Falsification is considered to be the stronger result – the absence of evidence against the null hypothesis guarantees very little with regard to future investigations where evidence against the null hypothesis may actually be found.

## From hypothesis to theory

In most cases the hypothesis can be interpreted as a modification or extension of an existing theory, but in some cases the hypothesis represents an opposing view with far reaching implications for “the world as we know it”.Especially if the hypothesis can not be reconciled with the current understanding, the onus is on the scientist to formulate a theoretical framework which explains the **underlying mechanisms** for the hypothesis.

A lack of theoretical groundwork reduces the hypothesis to a “black box” where the questions preceding the hypothesis are not really answered at all. As a consequence, those to whom the new insights bear relevance will be reluctant to accept the validity of the results.

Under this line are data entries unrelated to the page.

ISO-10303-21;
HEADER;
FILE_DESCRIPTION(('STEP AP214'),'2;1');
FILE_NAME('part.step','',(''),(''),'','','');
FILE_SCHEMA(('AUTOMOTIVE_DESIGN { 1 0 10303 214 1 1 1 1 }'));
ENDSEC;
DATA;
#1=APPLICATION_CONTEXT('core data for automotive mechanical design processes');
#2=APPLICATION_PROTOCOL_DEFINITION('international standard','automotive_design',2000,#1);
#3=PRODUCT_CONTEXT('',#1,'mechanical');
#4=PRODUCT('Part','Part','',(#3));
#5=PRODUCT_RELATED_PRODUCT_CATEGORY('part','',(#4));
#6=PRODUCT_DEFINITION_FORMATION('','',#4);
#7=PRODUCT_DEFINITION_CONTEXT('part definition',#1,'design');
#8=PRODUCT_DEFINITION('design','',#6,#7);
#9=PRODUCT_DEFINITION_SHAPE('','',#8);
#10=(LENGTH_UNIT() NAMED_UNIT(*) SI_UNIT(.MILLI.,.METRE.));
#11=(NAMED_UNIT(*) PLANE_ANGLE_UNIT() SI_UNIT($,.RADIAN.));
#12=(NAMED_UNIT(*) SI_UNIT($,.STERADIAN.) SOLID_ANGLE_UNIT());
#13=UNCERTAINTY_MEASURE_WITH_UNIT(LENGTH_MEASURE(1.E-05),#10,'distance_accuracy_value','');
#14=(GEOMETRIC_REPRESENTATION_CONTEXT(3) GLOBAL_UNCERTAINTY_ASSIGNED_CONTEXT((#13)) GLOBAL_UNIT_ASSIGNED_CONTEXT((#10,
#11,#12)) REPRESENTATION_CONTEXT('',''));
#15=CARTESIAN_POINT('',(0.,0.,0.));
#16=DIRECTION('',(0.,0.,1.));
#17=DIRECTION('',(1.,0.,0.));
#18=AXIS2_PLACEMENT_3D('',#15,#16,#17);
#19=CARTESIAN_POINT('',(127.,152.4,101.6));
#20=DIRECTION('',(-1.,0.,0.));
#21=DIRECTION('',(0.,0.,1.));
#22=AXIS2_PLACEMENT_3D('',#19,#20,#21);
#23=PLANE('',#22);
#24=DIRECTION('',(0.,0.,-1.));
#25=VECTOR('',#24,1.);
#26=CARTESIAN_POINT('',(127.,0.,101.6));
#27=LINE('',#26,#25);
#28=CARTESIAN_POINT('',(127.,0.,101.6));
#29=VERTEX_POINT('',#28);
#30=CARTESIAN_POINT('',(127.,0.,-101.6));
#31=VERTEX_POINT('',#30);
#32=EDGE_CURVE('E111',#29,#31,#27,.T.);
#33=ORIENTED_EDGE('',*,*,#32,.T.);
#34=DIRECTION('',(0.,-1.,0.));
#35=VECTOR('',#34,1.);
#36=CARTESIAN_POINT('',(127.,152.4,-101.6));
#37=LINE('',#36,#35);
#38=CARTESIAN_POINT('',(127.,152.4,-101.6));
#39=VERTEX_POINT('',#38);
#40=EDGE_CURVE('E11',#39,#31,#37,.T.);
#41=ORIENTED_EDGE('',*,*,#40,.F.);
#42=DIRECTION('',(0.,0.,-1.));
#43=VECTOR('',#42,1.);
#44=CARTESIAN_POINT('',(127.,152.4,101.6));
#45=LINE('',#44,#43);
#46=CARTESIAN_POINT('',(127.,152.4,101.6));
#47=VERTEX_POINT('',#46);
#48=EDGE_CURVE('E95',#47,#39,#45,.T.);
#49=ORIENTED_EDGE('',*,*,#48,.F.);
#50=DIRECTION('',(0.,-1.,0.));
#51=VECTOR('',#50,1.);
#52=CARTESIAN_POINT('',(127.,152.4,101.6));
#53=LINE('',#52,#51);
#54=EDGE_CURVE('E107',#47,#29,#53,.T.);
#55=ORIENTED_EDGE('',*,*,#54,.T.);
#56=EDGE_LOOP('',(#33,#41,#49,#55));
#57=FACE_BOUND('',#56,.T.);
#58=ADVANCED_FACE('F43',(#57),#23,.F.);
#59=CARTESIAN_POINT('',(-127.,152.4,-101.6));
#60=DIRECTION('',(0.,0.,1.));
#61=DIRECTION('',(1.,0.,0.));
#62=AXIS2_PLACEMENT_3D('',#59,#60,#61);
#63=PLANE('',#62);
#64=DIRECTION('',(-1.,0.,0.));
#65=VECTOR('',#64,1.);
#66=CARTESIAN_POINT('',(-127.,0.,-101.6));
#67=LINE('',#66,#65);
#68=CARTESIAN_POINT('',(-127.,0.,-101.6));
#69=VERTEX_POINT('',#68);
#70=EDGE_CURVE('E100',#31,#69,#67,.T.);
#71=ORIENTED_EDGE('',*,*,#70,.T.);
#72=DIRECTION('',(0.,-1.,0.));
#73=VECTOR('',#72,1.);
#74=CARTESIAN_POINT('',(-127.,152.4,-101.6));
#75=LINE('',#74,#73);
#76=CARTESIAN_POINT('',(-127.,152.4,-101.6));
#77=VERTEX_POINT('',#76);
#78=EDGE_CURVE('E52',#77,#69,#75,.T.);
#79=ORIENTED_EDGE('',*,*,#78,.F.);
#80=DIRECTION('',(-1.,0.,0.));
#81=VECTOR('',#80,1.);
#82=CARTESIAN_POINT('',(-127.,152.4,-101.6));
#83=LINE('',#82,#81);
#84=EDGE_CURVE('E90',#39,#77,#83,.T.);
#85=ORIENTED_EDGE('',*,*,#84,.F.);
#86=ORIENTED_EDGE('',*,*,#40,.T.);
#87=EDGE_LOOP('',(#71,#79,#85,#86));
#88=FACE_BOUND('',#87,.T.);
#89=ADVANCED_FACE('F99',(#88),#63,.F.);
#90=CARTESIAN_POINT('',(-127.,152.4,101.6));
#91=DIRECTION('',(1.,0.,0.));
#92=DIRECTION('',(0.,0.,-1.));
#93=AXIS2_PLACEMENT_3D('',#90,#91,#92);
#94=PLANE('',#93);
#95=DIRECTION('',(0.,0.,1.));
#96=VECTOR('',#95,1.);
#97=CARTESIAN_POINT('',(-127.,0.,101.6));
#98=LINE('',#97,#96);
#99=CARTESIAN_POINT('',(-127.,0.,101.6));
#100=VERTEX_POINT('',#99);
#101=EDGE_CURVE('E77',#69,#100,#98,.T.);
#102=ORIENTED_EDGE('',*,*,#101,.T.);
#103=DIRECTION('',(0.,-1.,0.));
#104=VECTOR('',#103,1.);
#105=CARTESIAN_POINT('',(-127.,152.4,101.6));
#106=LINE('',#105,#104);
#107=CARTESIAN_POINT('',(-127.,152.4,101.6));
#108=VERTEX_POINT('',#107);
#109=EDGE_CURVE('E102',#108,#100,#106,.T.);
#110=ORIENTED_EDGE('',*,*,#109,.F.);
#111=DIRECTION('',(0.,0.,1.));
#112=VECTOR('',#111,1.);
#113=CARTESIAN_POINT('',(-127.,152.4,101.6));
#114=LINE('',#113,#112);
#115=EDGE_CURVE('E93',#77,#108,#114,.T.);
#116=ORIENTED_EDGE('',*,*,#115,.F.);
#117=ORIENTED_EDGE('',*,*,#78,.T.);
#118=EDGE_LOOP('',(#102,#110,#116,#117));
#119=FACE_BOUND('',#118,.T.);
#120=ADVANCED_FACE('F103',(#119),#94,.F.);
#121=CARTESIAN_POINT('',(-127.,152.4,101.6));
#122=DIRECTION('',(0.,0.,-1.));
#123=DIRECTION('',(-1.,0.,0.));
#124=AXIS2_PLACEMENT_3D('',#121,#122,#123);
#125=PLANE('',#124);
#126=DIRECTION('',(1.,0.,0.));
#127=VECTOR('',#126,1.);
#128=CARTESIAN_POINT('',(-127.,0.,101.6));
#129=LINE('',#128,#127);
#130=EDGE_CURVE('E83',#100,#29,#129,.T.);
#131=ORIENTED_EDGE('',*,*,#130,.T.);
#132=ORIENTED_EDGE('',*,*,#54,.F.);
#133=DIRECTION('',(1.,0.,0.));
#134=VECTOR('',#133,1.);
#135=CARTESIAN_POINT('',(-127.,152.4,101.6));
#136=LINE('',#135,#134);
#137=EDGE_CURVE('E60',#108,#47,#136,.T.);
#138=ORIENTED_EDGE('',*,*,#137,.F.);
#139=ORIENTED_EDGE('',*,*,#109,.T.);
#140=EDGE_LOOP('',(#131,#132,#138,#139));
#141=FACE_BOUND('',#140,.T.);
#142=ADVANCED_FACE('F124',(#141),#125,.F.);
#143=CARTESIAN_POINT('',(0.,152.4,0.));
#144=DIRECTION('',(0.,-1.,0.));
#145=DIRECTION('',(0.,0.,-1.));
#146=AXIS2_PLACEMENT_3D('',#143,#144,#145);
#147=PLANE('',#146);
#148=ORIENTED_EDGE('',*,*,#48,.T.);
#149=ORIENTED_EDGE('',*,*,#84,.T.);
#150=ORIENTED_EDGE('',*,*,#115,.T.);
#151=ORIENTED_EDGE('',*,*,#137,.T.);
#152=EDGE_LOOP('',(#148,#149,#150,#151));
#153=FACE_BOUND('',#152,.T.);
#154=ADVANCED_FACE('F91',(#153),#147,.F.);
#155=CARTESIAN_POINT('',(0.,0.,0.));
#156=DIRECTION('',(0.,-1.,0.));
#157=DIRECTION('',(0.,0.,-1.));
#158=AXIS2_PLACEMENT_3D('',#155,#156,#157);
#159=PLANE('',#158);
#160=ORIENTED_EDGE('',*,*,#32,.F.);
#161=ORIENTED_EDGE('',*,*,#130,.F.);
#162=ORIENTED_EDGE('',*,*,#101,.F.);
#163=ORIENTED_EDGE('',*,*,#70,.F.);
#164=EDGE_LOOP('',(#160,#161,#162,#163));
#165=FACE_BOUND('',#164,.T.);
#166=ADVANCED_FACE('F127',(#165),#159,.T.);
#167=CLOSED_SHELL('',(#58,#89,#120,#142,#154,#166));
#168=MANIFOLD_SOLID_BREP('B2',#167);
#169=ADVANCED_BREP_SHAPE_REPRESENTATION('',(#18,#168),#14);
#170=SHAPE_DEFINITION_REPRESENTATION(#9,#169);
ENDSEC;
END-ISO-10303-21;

Semmelweis failed to provide a mechanism for the spread of disease from corpses to women in childbirth. The contemporary view of what caused disease was very different from today and microorganisms such as bacteria were yet to be discovered. The hands of a gentleman were considered to be clean no matter what and Semmelweis’ colleagues were indignated by the request to wash hands. As many other pioneers of science, Ignaz Semmelweis did not live to receive due credit for his discovery.

### Footnotes

^{1)}meaning all bodies circle around the Earth.

^{2)}meaning all bodies circle around the Sun.

^{3)}Further reading: Studies of the history of probability and statistics: Semmelweis and childbed fever. A statistical analysis 147 years later.

^{4)}See Explorable.com under “Development of the Null”.